● Given data
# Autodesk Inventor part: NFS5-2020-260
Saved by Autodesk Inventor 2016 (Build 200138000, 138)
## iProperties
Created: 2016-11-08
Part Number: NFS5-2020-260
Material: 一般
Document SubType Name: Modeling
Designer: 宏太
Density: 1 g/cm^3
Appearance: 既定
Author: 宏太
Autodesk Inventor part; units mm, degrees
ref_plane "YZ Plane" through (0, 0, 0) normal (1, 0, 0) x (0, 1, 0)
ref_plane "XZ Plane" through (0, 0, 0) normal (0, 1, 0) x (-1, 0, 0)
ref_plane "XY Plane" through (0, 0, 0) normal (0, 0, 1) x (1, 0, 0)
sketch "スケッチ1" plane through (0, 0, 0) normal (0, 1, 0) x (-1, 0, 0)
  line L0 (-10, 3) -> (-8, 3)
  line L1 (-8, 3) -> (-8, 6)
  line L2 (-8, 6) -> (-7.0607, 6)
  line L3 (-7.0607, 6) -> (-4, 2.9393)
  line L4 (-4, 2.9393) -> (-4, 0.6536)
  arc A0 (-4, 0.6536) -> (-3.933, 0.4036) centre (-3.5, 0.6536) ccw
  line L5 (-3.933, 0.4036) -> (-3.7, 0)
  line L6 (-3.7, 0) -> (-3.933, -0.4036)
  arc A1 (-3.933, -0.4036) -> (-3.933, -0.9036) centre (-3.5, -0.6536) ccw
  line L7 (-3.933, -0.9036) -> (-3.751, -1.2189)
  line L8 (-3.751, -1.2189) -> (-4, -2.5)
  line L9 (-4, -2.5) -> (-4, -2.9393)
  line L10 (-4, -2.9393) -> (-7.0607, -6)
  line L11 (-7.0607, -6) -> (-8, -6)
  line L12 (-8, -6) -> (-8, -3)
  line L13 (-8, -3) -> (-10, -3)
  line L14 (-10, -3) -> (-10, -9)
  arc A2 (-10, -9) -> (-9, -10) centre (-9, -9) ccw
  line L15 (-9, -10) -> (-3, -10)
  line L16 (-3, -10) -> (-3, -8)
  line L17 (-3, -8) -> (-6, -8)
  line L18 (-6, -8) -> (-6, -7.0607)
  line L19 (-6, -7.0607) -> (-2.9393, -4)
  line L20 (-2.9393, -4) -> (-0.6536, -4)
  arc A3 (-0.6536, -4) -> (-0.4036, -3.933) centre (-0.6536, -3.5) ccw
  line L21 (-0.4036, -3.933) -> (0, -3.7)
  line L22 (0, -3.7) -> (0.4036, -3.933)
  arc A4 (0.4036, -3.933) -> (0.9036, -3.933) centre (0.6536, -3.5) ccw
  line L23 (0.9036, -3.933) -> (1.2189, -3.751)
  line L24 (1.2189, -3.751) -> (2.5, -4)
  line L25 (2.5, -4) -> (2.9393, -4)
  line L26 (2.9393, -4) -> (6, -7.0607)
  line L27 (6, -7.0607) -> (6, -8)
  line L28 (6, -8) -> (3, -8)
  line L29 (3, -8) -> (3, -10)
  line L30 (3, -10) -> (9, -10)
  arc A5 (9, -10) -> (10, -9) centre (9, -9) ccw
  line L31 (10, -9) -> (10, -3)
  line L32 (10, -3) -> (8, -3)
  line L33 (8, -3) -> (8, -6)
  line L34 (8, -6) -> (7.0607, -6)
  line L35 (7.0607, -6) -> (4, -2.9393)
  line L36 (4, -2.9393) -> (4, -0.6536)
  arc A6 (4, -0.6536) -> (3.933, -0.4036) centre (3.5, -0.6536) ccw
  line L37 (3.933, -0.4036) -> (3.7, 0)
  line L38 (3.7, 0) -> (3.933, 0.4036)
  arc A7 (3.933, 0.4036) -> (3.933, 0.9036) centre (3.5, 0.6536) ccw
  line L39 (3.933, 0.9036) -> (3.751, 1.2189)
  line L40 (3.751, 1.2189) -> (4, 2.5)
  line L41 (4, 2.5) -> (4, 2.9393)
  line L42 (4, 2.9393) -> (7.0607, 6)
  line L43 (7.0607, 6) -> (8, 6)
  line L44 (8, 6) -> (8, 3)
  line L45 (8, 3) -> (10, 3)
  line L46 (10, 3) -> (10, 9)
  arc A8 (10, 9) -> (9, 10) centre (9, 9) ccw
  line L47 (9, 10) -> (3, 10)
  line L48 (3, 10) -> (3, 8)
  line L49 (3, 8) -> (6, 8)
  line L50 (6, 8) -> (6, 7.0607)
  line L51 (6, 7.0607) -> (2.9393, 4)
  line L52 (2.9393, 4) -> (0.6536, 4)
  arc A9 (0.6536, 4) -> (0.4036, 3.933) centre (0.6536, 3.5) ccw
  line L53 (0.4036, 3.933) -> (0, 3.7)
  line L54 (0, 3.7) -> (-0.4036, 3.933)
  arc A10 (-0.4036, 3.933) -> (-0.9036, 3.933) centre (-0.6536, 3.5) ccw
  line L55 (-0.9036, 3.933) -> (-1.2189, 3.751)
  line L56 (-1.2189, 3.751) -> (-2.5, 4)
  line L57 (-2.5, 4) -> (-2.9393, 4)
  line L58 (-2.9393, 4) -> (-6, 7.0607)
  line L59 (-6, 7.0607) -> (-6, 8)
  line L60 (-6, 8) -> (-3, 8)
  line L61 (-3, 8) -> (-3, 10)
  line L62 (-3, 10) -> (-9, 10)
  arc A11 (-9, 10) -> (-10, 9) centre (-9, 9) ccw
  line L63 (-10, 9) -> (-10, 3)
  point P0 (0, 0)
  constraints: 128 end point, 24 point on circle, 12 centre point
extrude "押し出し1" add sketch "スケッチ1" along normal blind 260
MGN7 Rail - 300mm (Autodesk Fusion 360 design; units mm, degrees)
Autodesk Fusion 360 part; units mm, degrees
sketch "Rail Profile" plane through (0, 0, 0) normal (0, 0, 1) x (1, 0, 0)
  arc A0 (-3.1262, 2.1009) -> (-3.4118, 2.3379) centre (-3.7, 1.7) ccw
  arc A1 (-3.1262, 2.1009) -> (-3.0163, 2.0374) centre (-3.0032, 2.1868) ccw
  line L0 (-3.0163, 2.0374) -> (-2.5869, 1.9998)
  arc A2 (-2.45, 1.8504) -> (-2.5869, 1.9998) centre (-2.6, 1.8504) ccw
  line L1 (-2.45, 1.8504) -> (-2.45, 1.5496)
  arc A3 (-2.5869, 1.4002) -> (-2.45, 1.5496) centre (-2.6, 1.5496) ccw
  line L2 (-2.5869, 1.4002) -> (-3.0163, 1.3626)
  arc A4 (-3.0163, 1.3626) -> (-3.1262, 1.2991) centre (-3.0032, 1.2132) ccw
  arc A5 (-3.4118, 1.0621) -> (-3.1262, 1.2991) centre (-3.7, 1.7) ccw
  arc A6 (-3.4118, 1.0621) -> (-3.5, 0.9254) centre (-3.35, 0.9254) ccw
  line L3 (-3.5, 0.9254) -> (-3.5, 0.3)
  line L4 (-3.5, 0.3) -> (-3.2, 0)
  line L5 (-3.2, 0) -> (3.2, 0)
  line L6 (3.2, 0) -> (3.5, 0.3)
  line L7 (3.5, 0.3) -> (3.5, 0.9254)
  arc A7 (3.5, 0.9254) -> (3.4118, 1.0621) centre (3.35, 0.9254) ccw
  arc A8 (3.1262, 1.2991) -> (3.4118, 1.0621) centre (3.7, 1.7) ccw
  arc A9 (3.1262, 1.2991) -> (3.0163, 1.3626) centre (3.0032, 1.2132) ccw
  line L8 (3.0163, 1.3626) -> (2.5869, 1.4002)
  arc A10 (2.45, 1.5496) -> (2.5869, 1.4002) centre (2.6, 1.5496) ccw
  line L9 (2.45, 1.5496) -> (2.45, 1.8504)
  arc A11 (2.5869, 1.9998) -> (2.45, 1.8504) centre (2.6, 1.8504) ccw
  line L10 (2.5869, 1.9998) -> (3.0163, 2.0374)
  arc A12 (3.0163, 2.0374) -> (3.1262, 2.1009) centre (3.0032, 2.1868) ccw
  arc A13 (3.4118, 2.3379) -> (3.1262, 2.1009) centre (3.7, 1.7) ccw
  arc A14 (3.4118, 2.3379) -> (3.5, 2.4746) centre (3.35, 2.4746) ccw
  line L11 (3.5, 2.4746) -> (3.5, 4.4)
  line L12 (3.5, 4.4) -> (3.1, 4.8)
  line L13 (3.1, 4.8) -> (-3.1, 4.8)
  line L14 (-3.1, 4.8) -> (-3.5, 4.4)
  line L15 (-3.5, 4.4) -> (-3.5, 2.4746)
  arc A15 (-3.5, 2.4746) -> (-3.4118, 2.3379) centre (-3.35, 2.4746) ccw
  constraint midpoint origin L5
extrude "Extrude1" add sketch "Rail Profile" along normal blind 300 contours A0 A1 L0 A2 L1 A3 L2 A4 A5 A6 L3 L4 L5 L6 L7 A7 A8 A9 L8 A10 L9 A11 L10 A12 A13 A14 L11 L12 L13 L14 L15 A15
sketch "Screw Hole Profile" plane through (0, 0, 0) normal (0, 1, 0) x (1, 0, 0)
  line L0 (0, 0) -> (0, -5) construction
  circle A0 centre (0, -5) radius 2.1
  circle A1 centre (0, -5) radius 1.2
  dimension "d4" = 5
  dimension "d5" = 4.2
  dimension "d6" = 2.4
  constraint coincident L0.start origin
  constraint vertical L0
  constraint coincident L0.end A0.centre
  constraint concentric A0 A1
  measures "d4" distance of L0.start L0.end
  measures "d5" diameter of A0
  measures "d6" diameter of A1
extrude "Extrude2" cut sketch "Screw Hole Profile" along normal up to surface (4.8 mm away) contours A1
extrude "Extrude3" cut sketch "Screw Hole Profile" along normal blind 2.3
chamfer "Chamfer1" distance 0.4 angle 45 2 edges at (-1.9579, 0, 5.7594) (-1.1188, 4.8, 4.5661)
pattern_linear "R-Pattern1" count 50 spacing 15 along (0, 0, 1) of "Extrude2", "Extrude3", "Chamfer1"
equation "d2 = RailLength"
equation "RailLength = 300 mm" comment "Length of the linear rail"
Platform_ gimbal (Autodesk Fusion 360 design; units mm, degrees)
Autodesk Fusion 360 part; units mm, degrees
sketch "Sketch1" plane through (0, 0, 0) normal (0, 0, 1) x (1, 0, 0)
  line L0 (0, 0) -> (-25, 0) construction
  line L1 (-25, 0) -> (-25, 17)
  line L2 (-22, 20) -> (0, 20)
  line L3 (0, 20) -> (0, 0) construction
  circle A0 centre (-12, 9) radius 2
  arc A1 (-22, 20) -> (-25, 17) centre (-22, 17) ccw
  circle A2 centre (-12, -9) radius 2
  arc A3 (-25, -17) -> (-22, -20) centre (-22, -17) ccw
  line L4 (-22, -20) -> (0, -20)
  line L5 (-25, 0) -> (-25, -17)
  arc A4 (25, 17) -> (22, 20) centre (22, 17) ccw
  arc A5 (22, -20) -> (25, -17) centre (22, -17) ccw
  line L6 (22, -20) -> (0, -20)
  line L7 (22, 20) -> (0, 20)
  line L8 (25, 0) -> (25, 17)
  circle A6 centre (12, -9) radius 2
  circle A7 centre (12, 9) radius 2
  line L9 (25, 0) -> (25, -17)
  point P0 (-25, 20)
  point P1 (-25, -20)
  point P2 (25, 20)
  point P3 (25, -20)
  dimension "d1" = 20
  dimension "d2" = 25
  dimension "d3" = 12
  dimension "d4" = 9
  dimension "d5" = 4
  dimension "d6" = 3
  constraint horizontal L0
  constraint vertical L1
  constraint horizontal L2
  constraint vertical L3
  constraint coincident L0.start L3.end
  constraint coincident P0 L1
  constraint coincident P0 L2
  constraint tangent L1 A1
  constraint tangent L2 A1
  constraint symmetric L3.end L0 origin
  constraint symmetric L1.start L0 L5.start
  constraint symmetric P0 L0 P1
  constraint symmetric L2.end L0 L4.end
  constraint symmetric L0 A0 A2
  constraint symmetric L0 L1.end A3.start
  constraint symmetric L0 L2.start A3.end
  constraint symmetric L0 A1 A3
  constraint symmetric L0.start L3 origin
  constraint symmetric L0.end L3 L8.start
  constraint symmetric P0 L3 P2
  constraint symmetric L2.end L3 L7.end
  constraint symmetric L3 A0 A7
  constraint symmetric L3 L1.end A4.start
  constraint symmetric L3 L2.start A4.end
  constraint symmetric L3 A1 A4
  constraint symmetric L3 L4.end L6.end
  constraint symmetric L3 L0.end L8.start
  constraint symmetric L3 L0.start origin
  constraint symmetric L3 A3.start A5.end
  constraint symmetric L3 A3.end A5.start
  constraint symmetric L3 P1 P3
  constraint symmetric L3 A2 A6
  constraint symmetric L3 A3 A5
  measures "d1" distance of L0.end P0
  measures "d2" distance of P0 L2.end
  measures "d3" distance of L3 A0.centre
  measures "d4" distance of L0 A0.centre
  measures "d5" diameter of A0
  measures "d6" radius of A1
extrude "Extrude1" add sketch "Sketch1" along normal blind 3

● Exercise brief
Only the lines from the first line of the records through the line with "line L7 (-3.933, -0.9036)" should be reproduced, exactly and with nothing added.

● Response to this exercise
# Autodesk Inventor part: NFS5-2020-260
Saved by Autodesk Inventor 2016 (Build 200138000, 138)
## iProperties
Created: 2016-11-08
Part Number: NFS5-2020-260
Material: 一般
Document SubType Name: Modeling
Designer: 宏太
Density: 1 g/cm^3
Appearance: 既定
Author: 宏太
Autodesk Inventor part; units mm, degrees
ref_plane "YZ Plane" through (0, 0, 0) normal (1, 0, 0) x (0, 1, 0)
ref_plane "XZ Plane" through (0, 0, 0) normal (0, 1, 0) x (-1, 0, 0)
ref_plane "XY Plane" through (0, 0, 0) normal (0, 0, 1) x (1, 0, 0)
sketch "スケッチ1" plane through (0, 0, 0) normal (0, 1, 0) x (-1, 0, 0)
  line L0 (-10, 3) -> (-8, 3)
  line L1 (-8, 3) -> (-8, 6)
  line L2 (-8, 6) -> (-7.0607, 6)
  line L3 (-7.0607, 6) -> (-4, 2.9393)
  line L4 (-4, 2.9393) -> (-4, 0.6536)
  arc A0 (-4, 0.6536) -> (-3.933, 0.4036) centre (-3.5, 0.6536) ccw
  line L5 (-3.933, 0.4036) -> (-3.7, 0)
  line L6 (-3.7, 0) -> (-3.933, -0.4036)
  arc A1 (-3.933, -0.4036) -> (-3.933, -0.9036) centre (-3.5, -0.6536) ccw
  line L7 (-3.933, -0.9036) -> (-3.751, -1.2189)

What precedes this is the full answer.